Large language models hallucinating non-existent developer packages could fuel supply chain attacks

Large Language Models (LLMs) have a serious “package hallucination” problem that could lead to a wave of maliciously-coded packages in the supply chain, researchers have discovered in one of the largest and most in-depth ever studies to investigate the problem.

It’s so bad, in fact, that across 30 different tests, the researchers found that 440,445 (19.7%) of 2.23 million code samples they generated experimentally in two of the most popular programming languages, Python and JavaScript, using 16 different LLM models for Python and 14 models for JavaScript, contained references to packages that were hallucinated.

The multi-university study, first published in June but recently updated, also generated “a staggering 205,474 unique examples of hallucinated package names, further underscoring the severity and pervasiveness of this threat.”

The problem has its roots in the popularity of numerous Python and JavaScript libraries and packages which developers use to help them quickly assemble programs from lots of smaller parts.

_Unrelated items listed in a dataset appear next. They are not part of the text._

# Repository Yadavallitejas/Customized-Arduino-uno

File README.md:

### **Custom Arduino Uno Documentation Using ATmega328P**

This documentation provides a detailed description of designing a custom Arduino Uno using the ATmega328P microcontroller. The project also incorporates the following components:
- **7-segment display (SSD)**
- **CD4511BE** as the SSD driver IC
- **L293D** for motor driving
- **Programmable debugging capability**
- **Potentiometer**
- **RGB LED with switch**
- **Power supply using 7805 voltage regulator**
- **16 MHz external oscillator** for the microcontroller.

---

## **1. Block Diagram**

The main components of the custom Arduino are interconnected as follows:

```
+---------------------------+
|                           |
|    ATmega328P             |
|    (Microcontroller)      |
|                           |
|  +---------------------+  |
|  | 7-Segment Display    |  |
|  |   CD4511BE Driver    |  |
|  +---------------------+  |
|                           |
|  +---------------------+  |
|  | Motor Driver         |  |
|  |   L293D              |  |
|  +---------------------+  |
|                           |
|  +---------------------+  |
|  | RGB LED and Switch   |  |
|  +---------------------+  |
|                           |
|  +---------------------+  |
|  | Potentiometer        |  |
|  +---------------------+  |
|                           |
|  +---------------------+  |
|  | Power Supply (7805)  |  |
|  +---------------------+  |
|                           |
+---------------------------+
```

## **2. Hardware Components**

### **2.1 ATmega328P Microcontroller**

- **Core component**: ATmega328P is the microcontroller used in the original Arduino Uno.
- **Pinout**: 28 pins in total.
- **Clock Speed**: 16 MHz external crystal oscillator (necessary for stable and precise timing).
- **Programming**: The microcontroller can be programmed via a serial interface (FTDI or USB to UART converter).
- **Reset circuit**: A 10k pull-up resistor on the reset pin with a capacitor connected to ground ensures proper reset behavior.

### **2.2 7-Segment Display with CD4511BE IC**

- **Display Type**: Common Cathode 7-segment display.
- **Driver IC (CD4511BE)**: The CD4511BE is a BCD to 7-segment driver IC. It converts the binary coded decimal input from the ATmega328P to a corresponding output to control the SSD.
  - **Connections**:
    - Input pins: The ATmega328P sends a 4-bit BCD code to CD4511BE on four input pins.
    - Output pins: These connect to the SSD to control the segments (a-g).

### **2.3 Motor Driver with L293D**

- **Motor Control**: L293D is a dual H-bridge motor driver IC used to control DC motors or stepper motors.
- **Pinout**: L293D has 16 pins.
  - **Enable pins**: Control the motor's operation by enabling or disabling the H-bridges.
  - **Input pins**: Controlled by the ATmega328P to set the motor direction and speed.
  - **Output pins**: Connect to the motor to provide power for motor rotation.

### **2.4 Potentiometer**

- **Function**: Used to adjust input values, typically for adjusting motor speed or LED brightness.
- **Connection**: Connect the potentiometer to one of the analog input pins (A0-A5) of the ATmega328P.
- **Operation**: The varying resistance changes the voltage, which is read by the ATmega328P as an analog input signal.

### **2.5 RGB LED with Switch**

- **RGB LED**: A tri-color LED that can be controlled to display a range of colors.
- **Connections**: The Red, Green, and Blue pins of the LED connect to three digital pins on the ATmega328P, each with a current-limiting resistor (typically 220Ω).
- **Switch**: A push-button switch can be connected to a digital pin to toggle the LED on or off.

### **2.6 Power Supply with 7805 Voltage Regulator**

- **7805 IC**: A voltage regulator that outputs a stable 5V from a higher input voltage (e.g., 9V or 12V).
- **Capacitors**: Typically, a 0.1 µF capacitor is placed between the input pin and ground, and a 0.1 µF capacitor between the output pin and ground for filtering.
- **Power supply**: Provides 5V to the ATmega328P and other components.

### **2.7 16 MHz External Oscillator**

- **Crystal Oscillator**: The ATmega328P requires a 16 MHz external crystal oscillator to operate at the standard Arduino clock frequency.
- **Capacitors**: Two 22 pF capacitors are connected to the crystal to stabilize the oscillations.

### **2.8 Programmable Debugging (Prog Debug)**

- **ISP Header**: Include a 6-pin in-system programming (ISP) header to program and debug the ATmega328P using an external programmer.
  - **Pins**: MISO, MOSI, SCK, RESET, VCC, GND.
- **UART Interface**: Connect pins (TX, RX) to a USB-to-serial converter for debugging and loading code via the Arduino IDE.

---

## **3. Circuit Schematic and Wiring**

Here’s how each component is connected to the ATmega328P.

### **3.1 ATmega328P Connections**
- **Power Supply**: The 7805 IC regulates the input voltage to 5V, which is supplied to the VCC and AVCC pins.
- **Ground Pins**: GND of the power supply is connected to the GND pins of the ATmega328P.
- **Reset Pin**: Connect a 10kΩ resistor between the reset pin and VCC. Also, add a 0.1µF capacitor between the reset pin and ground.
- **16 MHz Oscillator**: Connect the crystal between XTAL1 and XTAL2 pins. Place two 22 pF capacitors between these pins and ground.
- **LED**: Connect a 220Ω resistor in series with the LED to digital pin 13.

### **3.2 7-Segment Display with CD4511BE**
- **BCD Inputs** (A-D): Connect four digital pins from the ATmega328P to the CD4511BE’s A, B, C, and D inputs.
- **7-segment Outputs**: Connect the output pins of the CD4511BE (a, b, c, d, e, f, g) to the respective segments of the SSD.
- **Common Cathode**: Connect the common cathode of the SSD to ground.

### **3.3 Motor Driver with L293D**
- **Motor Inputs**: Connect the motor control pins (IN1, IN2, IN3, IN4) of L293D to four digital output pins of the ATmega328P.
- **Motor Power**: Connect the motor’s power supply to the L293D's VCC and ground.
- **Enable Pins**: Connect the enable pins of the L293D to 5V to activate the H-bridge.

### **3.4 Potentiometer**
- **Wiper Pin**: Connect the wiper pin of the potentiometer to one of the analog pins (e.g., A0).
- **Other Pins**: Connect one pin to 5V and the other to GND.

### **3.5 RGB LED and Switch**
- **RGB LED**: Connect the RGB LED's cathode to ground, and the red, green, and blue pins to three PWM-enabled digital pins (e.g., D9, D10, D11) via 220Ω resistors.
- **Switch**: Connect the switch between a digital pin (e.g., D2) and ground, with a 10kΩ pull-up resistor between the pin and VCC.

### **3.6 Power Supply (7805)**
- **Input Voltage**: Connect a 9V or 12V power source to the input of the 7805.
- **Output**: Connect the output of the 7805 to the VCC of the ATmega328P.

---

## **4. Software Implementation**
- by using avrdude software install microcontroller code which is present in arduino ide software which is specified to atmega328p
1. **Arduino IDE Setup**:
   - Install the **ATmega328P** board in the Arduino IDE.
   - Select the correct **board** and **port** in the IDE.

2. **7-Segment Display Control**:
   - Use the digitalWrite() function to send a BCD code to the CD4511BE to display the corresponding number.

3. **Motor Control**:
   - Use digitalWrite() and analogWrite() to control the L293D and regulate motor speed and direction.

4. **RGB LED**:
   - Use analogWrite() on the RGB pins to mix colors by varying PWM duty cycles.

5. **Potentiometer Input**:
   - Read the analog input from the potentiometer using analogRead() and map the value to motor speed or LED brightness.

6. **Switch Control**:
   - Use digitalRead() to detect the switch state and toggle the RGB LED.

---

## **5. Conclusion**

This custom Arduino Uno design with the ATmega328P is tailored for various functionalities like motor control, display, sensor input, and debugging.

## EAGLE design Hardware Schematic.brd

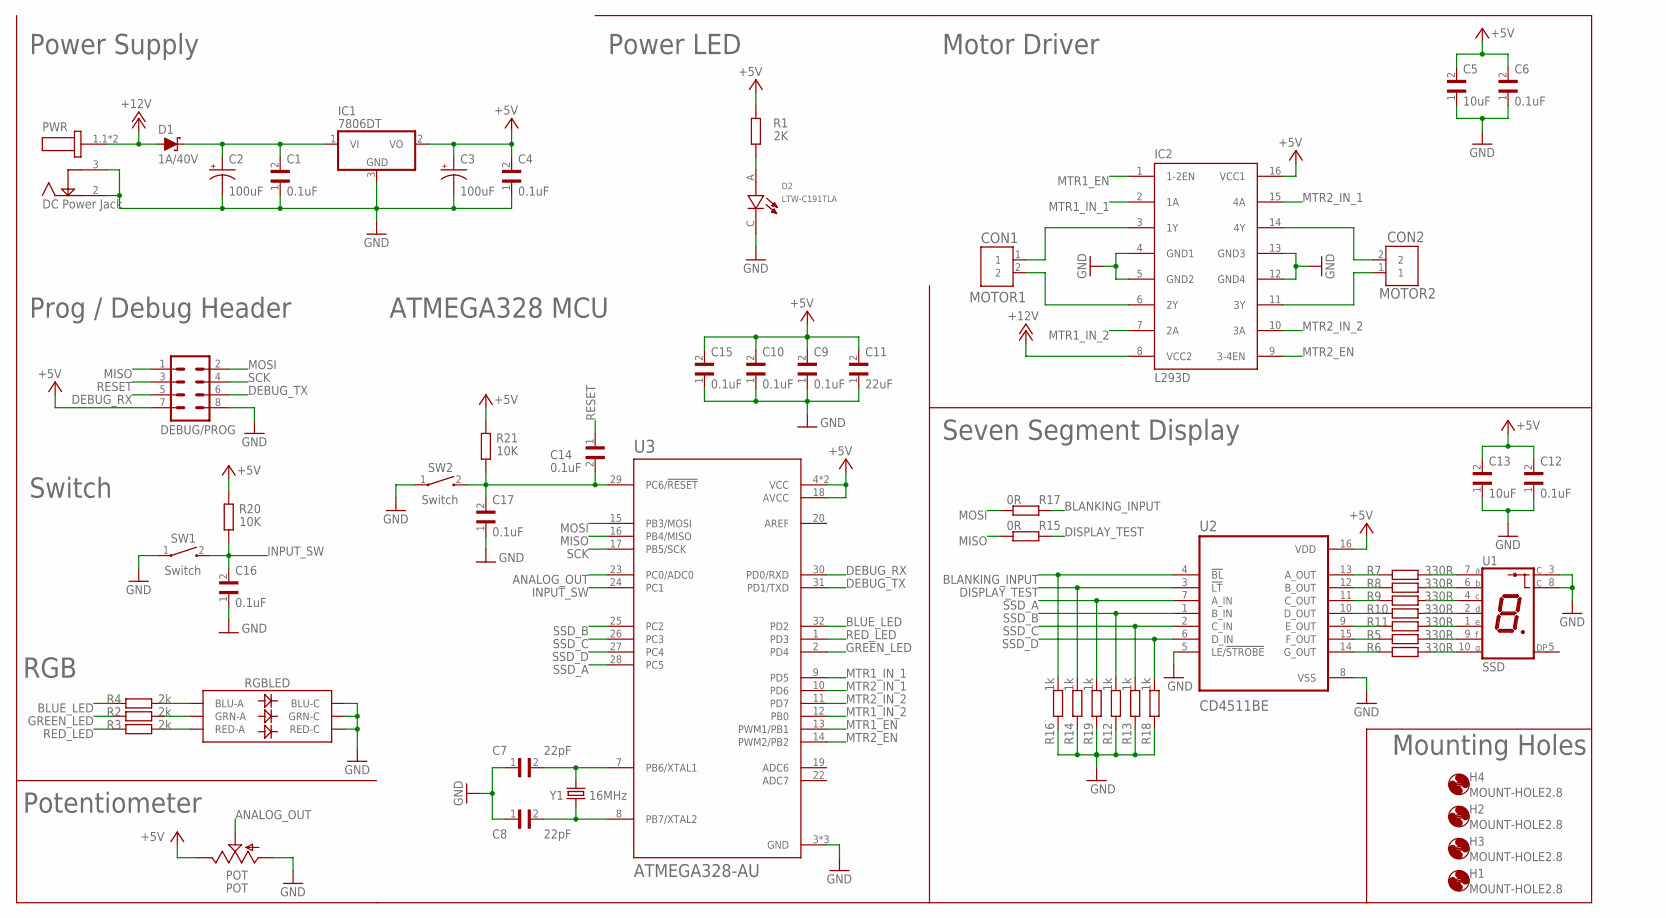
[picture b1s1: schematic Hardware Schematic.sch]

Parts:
C1, C4, C6, C9, C10, C12, C14, C15, C16, C17: 0.1uF; C0603
C2, C3: 100uF; CPOL-RADIAL-2.5MM-6.5MM
C5, C13: 10uF; C0603
C7, C8: 22pF; C0603
C11: 22uF; C0603
CON1: MOTOR1; CONN_282836-2
CON2: MOTOR2; CONN_282836-2
D1: 1A/40V; SMA-DIODE
D2: LTW-C191TLA; LEDC1608X65N
DEBUG/PROG: MA04-2
H1, H2, H3, H4: MOUNT-HOLE2.8; 2,8
IC1: 7806DT; TO252
IC2: L293D; DIL16
POT: POT; S64W
PWR: DC Power Jack; GCT_DCJ200-05-A-XX-X_REVA
R1: 2K; R0603
R2, R3, R4: 2k; R0603
R5, R6, R7, R8, R9, R10, R11: 330R; R0603
R12, R13, R14, R16, R18, R19: 1k; R0603
R15, R17: 0R; R0603
R20, R21: 10K; R0603
RGBLED: LED-RGBNO_IC; LED-TRICOLOR-5050
SW1, SW2: Switch; SW_1437566-3
U1: SSD; LED_SC52-11HWA
U2: CD4511BE; DIP794W45P254L1969H508Q16
U3: ATMEGA328-AU; QFP80P900X900X120-32N
Y1: 16MHz; HC49US

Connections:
+5V: C3.1 (+), C4.2, C5.2, C6.2, C9.2, C10.2, C11.2, C12.2, C13.2, C15.2, DEBUG/PROG.7, IC1.2 (VO), IC2.16 (VCC1), POT.E, R1.2, R20.2, R21.2, U2.16 (VDD), U3.4 (VCC), U3.6 (VCC), U3.18 (AVCC)
+12V: D1.A, IC2.8 (VCC2), PWR.1.1 (1), PWR.1.2 (1)
ANALOG_OUT: POT.S, U3.23 (PC0/ADC0)
BLANKING_INPUT: R16.2, R17.1, U2.4 (!BL)
BLUE_LED: R4.1, U3.32 (PD2)
DEBUG_RX: DEBUG/PROG.5, U3.30 (PD0/RXD)
DEBUG_TX: DEBUG/PROG.6, U3.31 (PD1/TXD)
DISPLAY_TEST: R14.2, R15.1, U2.3 (!LT)
GND: C1.1, C2.2 (-), C3.2 (-), C4.1, C5.1, C6.1, C7.1, C8.1, C9.1, C10.1, C11.1, C12.1, C13.1, C15.1, C16.1, C17.1, D2.C, DEBUG/PROG.8, IC1.3 (GND), IC2.4 (GND1), IC2.5 (GND2), IC2.12 (GND4), IC2.13 (GND3), POT.A, PWR.2, PWR.3, R12.1, R13.1, R14.1, R16.1, R18.1, R19.1, RGBLED.4 (BLU-C), RGBLED.5 (RED-C), RGBLED.6 (GRN-C), SW1.1, SW2.1, U1.3 (C), U1.8 (C), U2.5 (LE/!STROBE), U2.8 (VSS), U3.3 (GND), U3.5 (GND), U3.21 (GND)
GREEN_LED: R2.1, U3.2 (PD4)
INPUT_SW: C16.2, R20.1, SW1.2, U3.24 (PC1)
MISO: DEBUG/PROG.1, R15.2, U3.16 (PB4/MISO)
MOSI: DEBUG/PROG.2, R17.2, U3.15 (PB3/MOSI)
MTR1_EN: IC2.1 (1-2EN), U3.13 (PWM1/PB1)
MTR1_IN_1: IC2.2 (1A), U3.9 (PD5)
MTR1_IN_2: IC2.7 (2A), U3.12 (PB0)
MTR2_EN: IC2.9 (3-4EN), U3.14 (PWM2/PB2)
MTR2_IN_1: IC2.15 (4A), U3.10 (PD6)
MTR2_IN_2: IC2.10 (3A), U3.11 (PD7)
unnamed: R3.2, RGBLED.2 (RED-A)
unnamed: R2.2, RGBLED.1 (GRN-A)
unnamed: R4.2, RGBLED.3 (BLU-A)
unnamed: R7.1, U2.13 (A_OUT)
unnamed: R8.1, U2.12 (B_OUT)
unnamed: R9.1, U2.11 (C_OUT)
unnamed: R10.1, U2.10 (D_OUT)
unnamed: R11.1, U2.9 (E_OUT)
unnamed: R5.1, U2.15 (F_OUT)
unnamed: R6.1, U2.14 (G_OUT)
unnamed: R7.2, U1.7 (A)
unnamed: R8.2, U1.6 (B)
unnamed: R9.2, U1.4 (C)
unnamed: R10.2, U1.2 (D)
unnamed: R11.2, U1.1 (E)
unnamed: R5.2, U1.9 (F)
unnamed: R6.2, U1.10 (G)
unnamed: CON2.1, IC2.11 (3Y)
unnamed: D2.A, R1.1
unnamed: C1.2, C2.1 (+), D1.C, IC1.1 (VI)
unnamed: C8.2, U3.8 (PB7/XTAL2), Y1.1
unnamed: C7.2, U3.7 (PB6/XTAL1), Y1.2
unnamed: C14.2, C17.2, R21.1, SW2.2, U3.29 (PC6/!RESET)
unnamed: CON1.1, IC2.3 (1Y)
unnamed: CON1.2, IC2.6 (2Y)
unnamed: CON2.2, IC2.14 (4Y)
RED_LED: R3.1, U3.1 (PD3)
RESET: C14.1, DEBUG/PROG.3
SCK: DEBUG/PROG.4, U3.17 (PB5/SCK)
SSD_A: R19.2, U2.7 (A_IN), U3.28 (PC5)
SSD_B: R12.2, U2.1 (B_IN), U3.25 (PC2)
SSD_C: R13.2, U2.2 (C_IN), U3.26 (PC3)
SSD_D: R18.2, U2.6 (D_IN), U3.27 (PC4)

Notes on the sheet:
Power Supply
Power LED
ATMEGA328 MCU
Prog / Debug Header
Switch
RGB
Potentiometer
Motor Driver
Seven Segment Display
Mounting Holes

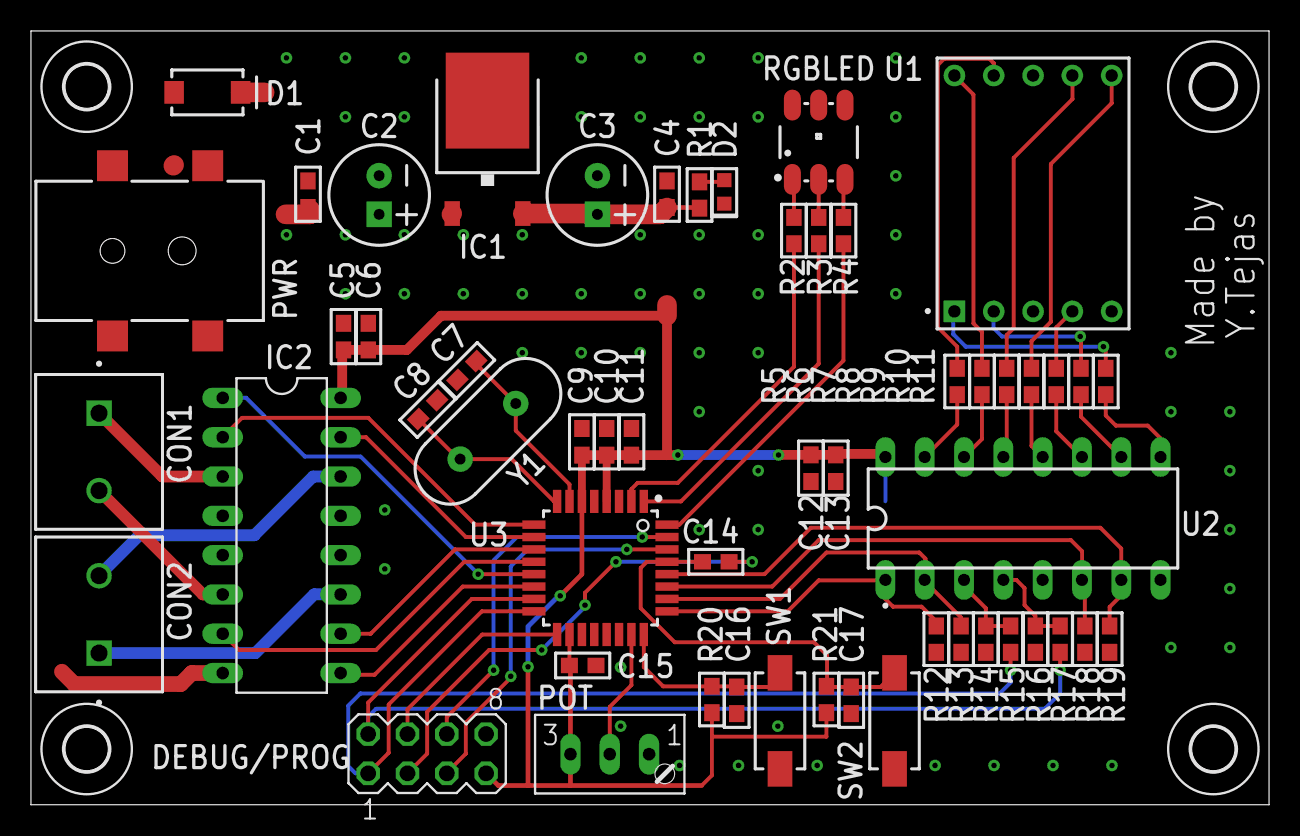
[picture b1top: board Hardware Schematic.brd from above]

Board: 2 copper layers, 80.0 x 50.0 mm, 58 parts (0 on the bottom side), 52 nets.

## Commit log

2024-10-11 Documentation README.md

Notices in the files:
parts and their libraries:
SparkFun-LED: Licensing: Creative Commons ShareAlike 4.0 International - https://creativecommons.org/licenses/by-sa/4.0

Many popular repositories already have a problem with malicious code. The researchers note that one 2023 study discovered 245,000 malicious packages in open-source repositories alone.

Hallucination nightmare

Unfortunately, the current study suggests that the arrival of AI is only going to make things worse through LLM “package hallucination.”

LLMs are already notorious for hallucinations — making up nonsense answers to queries. This also happens in coding: the developer inputs a coding prompt into the LLM and occasionally receives back a nonsense answer.

In the case of package hallucination, the LLM goes one stage further and recommends or generates code including a package in a software repository that doesn’t exist.

Normally, this would cause any code referring to it to fail. However, a second possibility is the “package confusion” attack in which attackers generate hallucinated packages before seeding them with malware to bring them into existence.

The next stage would be to trick developers into downloading them so that they are eventually included inside larger legitimate programs. They could even make the code legitimate to start with, to increase trust before unleashing a payload later on.

“Unsuspecting users, who trust the LLM output, may not scrutinize the validity of these hallucinated packages in the generated code and could inadvertently include these malicious packages in their codebase,” say the researchers.

“This resulting insecure open-source code also has the potential of being included in the dependency chain of other packages and code, leading to a cascading effect where vulnerabilities are propagated across numerous codebases.”

Open sesame

If none of the LLMs on test were immune to the problem, some were noticeably worse than others.

“GPT-series models were found four times less likely to generate hallucinated packages compared to open-source models, with a 5.2% hallucination rate compared to 21.7%,” the study noted.

Python code was also less susceptible to the phenomenon than JavaScript, the study found.  

Package confusion attacks on repositories have been around for years, usually involving typosquatting (exploiting name similarity) or brandjacking. On top of that are more conventional attacks where criminals upload malicious packages to repositories, or simply corrupt legitimate packages.

Hallucination could supercharge this, the researchers argue. Earlier in 2024, researcher Bar Lanyado of Lasso Security sent a small shudder through parts of the developer world when he discovered that several large companies, including ecommerce giant Alibaba, were using or recommending a Python software package called “huggingface-cli”.

The package was completely hallucinated. When he uploaded an empty package with the same name to a repository to test its popularity, it was downloaded more than 30,000 times in a three-month period.

In other words, large numbers of developers were downloading an imaginary software package because an LLM had at some point hallucinated its existence to solve a specific programming task.

So far, no live package confusion attacks have been detected, but the fact that the possibility is now widely known suggests that a real-world incident is only a matter of time.

Is there a solution?

The authors discuss a variety of mitigations for the hallucination problem. One solution that they believe would not work is cross referencing generated packages with some kind of master list; that might detect bogus packages, but wouldn’t stop them from becoming active threats in the same way that other software threats operate.

A better solution, they say, would be to first address the underlying issue of why LLMs generate hallucinations in the first place. This might involve better prompt engineering and the use of Retrieval Augmented Generation (RAG) to generate narrower responses from specialized data sets. 

In addition, the LLMs themselves could be fine tuned to improve output on tasks more likely to generate hallucinations. For that sort of difficult improvement, the world will need the LLM developers themselves to act.

But nobody should hold their breath.

“We have disclosed our research to model providers including OpenAI, Meta, DeepSeek, and Mistral AI. As of this writing we have received no response or feedback,” the authors noted in a recent update to the study.